— Exercise objective —
All of the data below should be set down again verbatim, without any images.

== Records ==

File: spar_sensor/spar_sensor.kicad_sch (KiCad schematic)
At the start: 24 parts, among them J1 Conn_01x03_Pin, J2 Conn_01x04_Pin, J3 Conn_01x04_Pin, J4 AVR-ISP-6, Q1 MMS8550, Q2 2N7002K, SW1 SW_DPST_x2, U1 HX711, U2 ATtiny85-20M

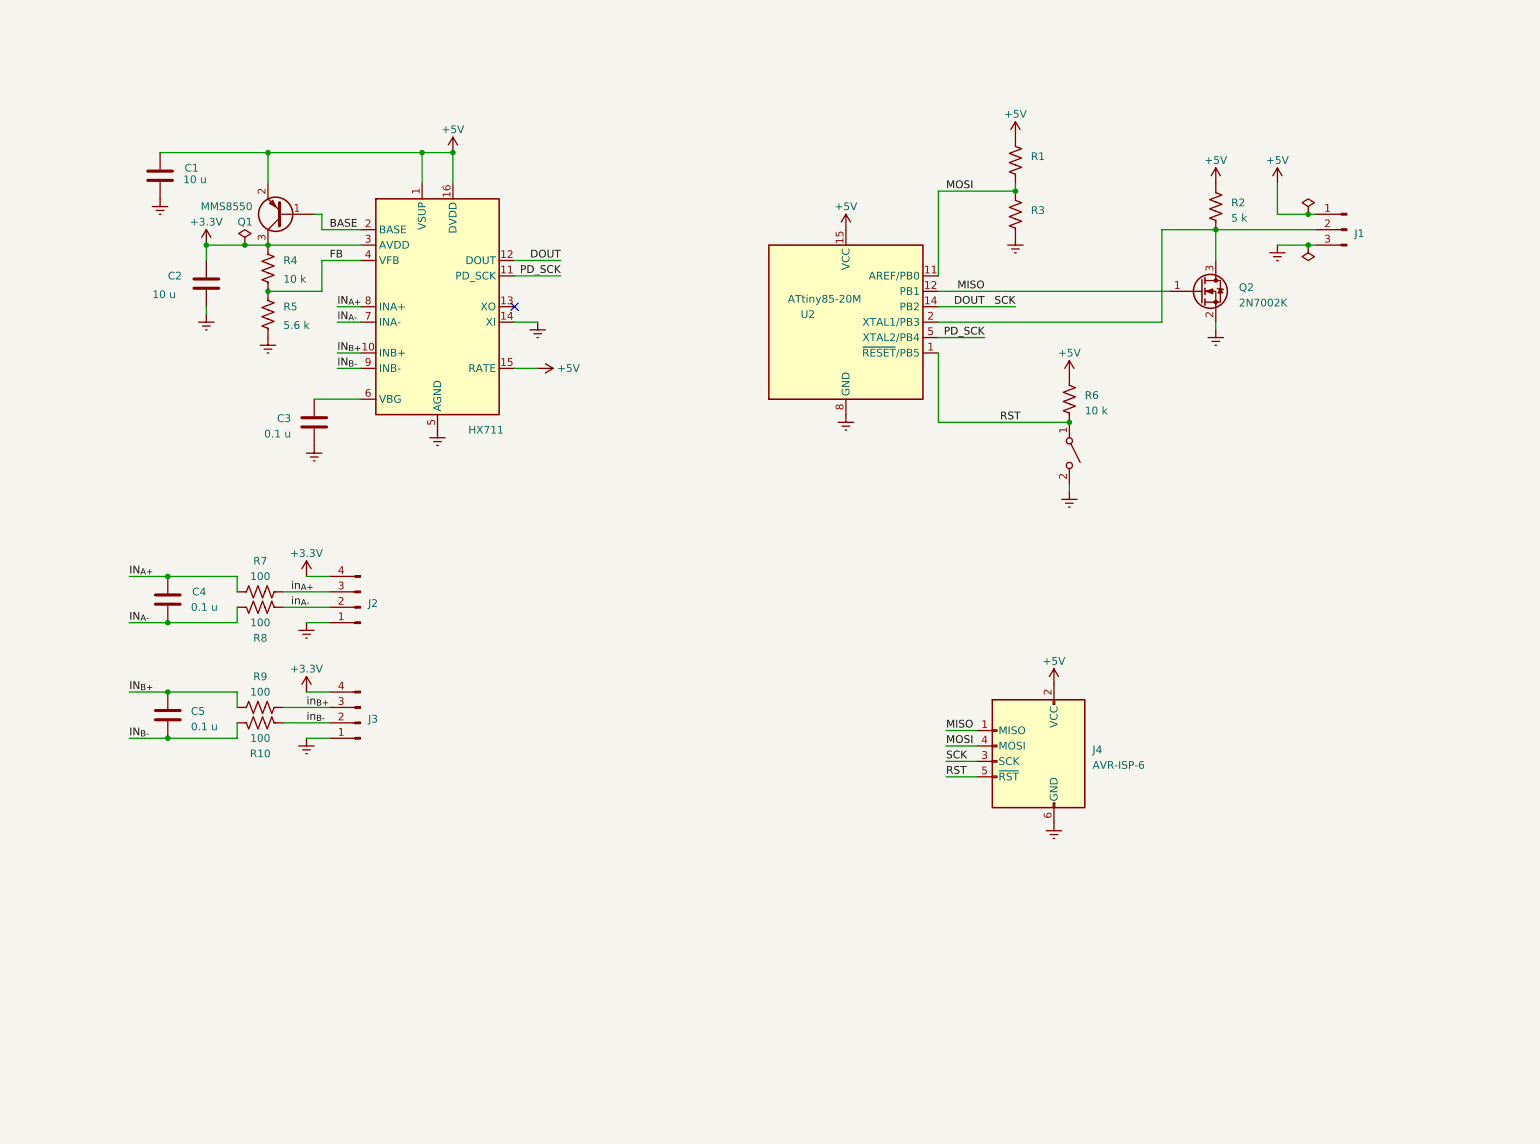
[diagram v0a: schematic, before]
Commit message: Touched up spar sensor to reflect parts as ordered
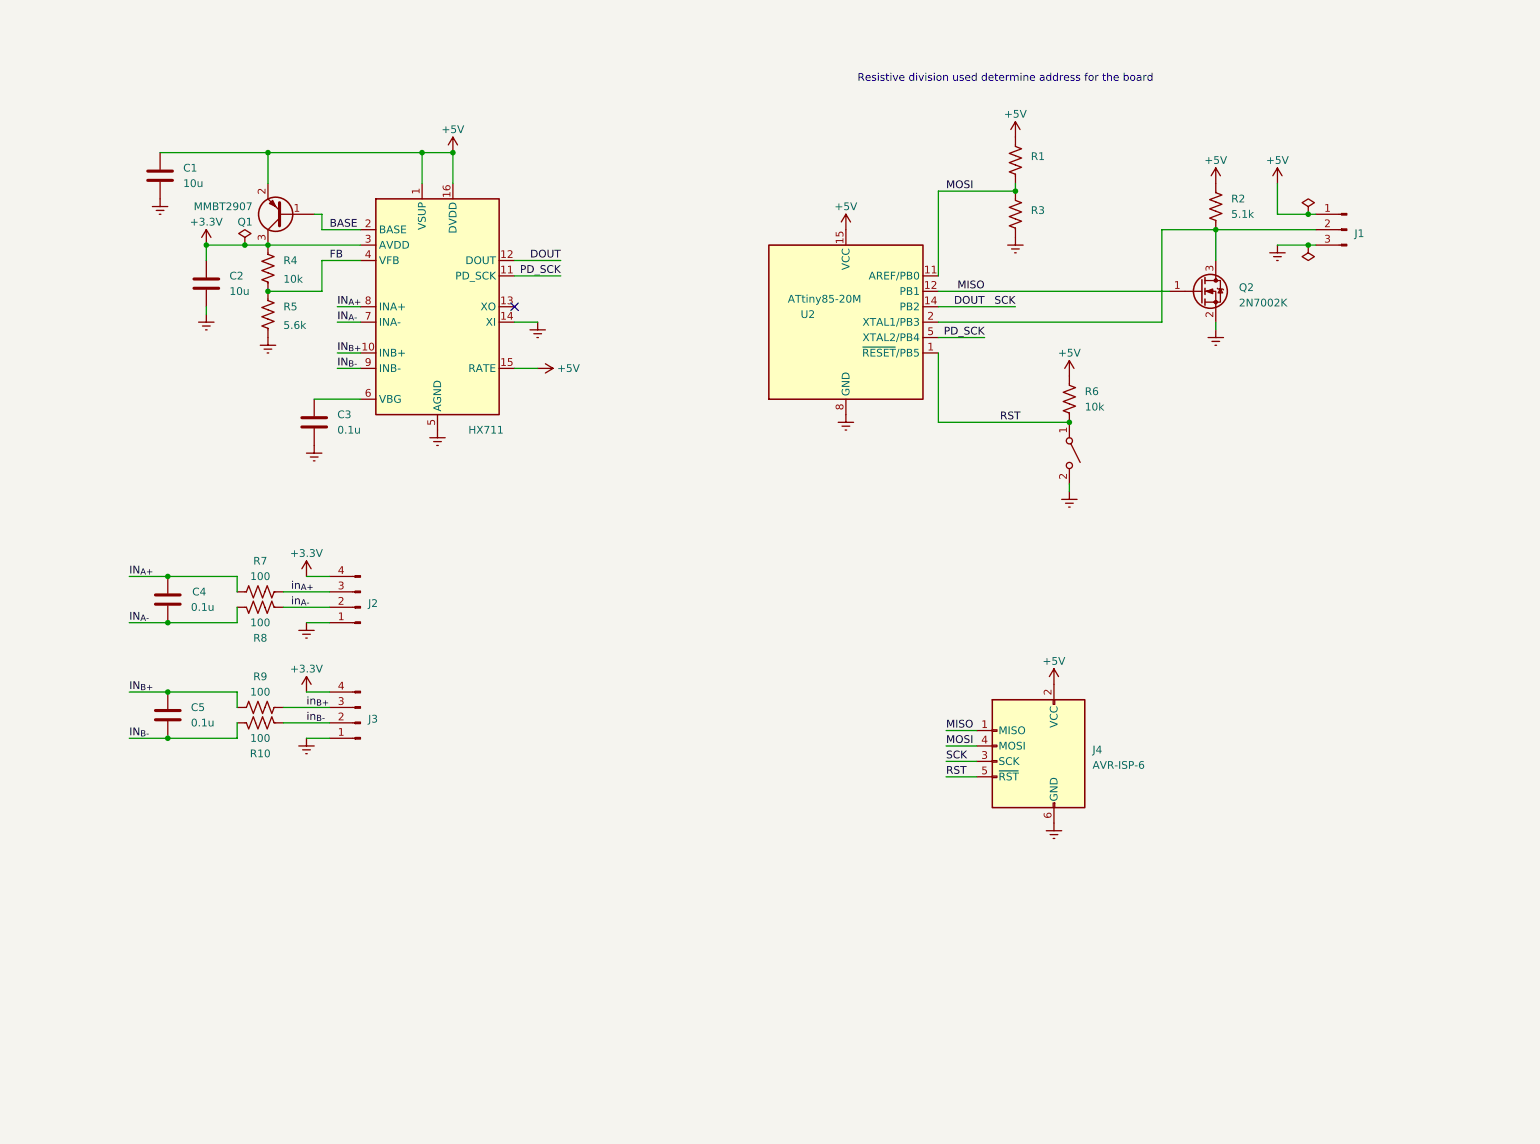
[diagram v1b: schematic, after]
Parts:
- C1, C2: value 10 u -> 10u
- C3, C4, C5: value 0.1 u -> 0.1u
- Q1: value MMS8550 -> MMBT2907
- R2: value 5 k -> 5.1k
- R4, R6: value 10 k -> 10k
- R5: value 5.6 k -> 5.6k
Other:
- note added: "Resistive division used determine address for the board"

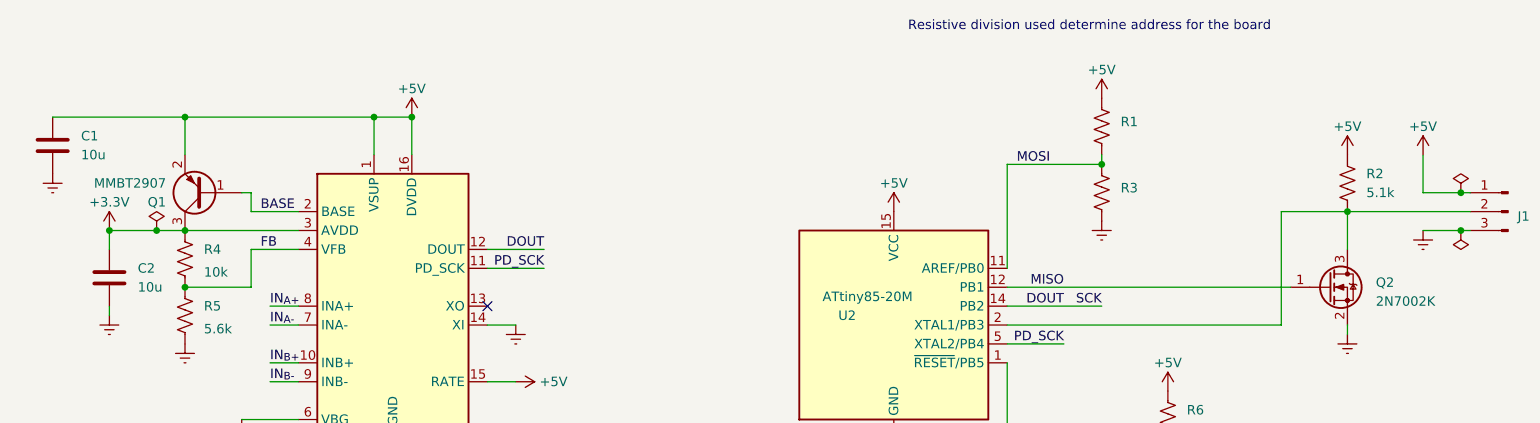
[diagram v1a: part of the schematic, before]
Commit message: Updated spar sensor to reflect order
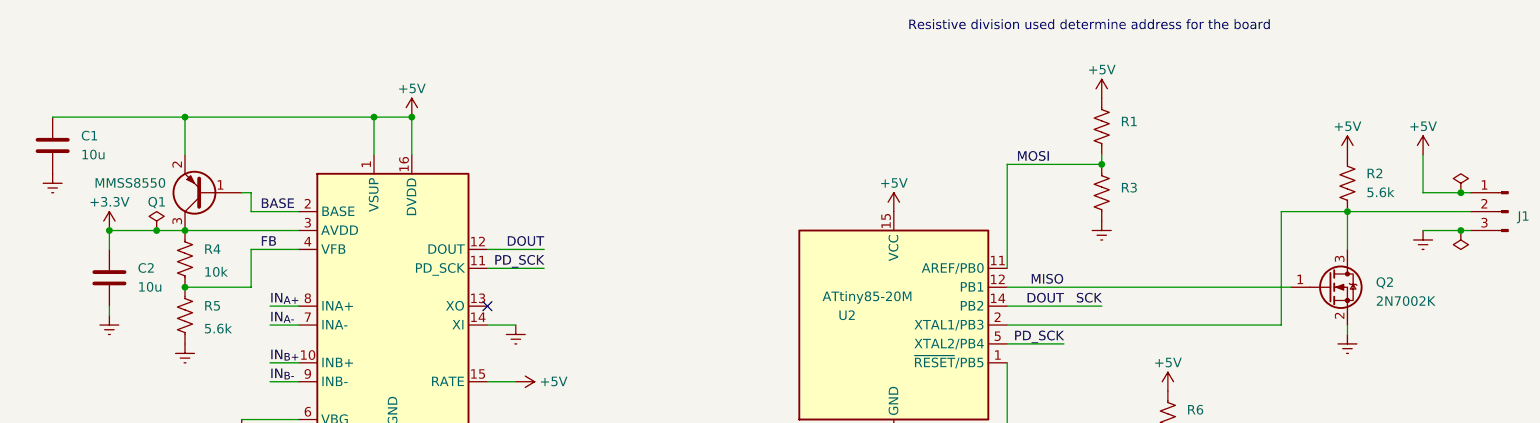
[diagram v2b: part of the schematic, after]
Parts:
- Q1: value MMBT2907 -> MMSS8550
- R2: value 5.1k -> 5.6k
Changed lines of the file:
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@@
       (effects (font (size 1.27 1.27)) (justify left))
     )
-    (property "Value" "5.1k" (at 223.52 46.99 0)
+    (property "Value" "5.6k" (at 223.52 46.99 0)
       (effects (font (size 1.27 1.27)) (justify left))
     )
@@
       (effects (font (size 1.27 1.27)) (justify left))
     )
-    (property "Value" "MMBT2907" (at 62.23 45.7201 0)
+    (property "Value" "MMSS8550" (at 62.23 45.7201 0)
       (effects (font (size 1.27 1.27)) (justify left))
     )
@@
       (effects (font (size 1.27 1.27)) hide)
     )
-    (property "Datasheet" "https://www.mouser.ca/datasheet/2/258/MMBT2907A_SOT_23_-2510709.pdf" (at 67.31 46.99 0)
-      (effects (font (size 1.27 1.27)) hide)
-    )
+    (property "Datasheet" "~" (at 67.31 46.99 0)
+      (effects (font (size 1.27 1.27)) hide)
+    )

===

— Your response —
File: spar_sensor/spar_sensor.kicad_sch (KiCad schematic)
At the start: 24 parts, among them J1 Conn_01x03_Pin, J2 Conn_01x04_Pin, J3 Conn_01x04_Pin, J4 AVR-ISP-6, Q1 MMS8550, Q2 2N7002K, SW1 SW_DPST_x2, U1 HX711, U2 ATtiny85-20M

[diagram v0a: schematic, before]
Commit message: Touched up spar sensor to reflect parts as ordered
[diagram v1b: schematic, after]
Parts:
- C1, C2: value 10 u -> 10u
- C3, C4, C5: value 0.1 u -> 0.1u
- Q1: value MMS8550 -> MMBT2907
- R2: value 5 k -> 5.1k
- R4, R6: value 10 k -> 10k
- R5: value 5.6 k -> 5.6k
Other:
- note added: "Resistive division used determine address for the board"

[diagram v1a: part of the schematic, before]
Commit message: Updated spar sensor to reflect order
[diagram v2b: part of the schematic, after]
Parts:
- Q1: value MMBT2907 -> MMSS8550
- R2: value 5.1k -> 5.6k
Changed lines of the file:
@@
       (effects (font (size 1.27 1.27)) (justify left))
     )
-    (property "Value" "5.1k" (at 223.52 46.99 0)
+    (property "Value" "5.6k" (at 223.52 46.99 0)
       (effects (font (size 1.27 1.27)) (justify left))
     )
@@
       (effects (font (size 1.27 1.27)) (justify left))
     )
-    (property "Value" "MMBT2907" (at 62.23 45.7201 0)
+    (property "Value" "MMSS8550" (at 62.23 45.7201 0)
       (effects (font (size 1.27 1.27)) (justify left))
     )
@@
       (effects (font (size 1.27 1.27)) hide)
     )
-    (property "Datasheet" "https://www.mouser.ca/datasheet/2/258/MMBT2907A_SOT_23_-2510709.pdf" (at 67.31 46.99 0)
-      (effects (font (size 1.27 1.27)) hide)
-    )
+    (property "Datasheet" "~" (at 67.31 46.99 0)
+      (effects (font (size 1.27 1.27)) hide)
+    )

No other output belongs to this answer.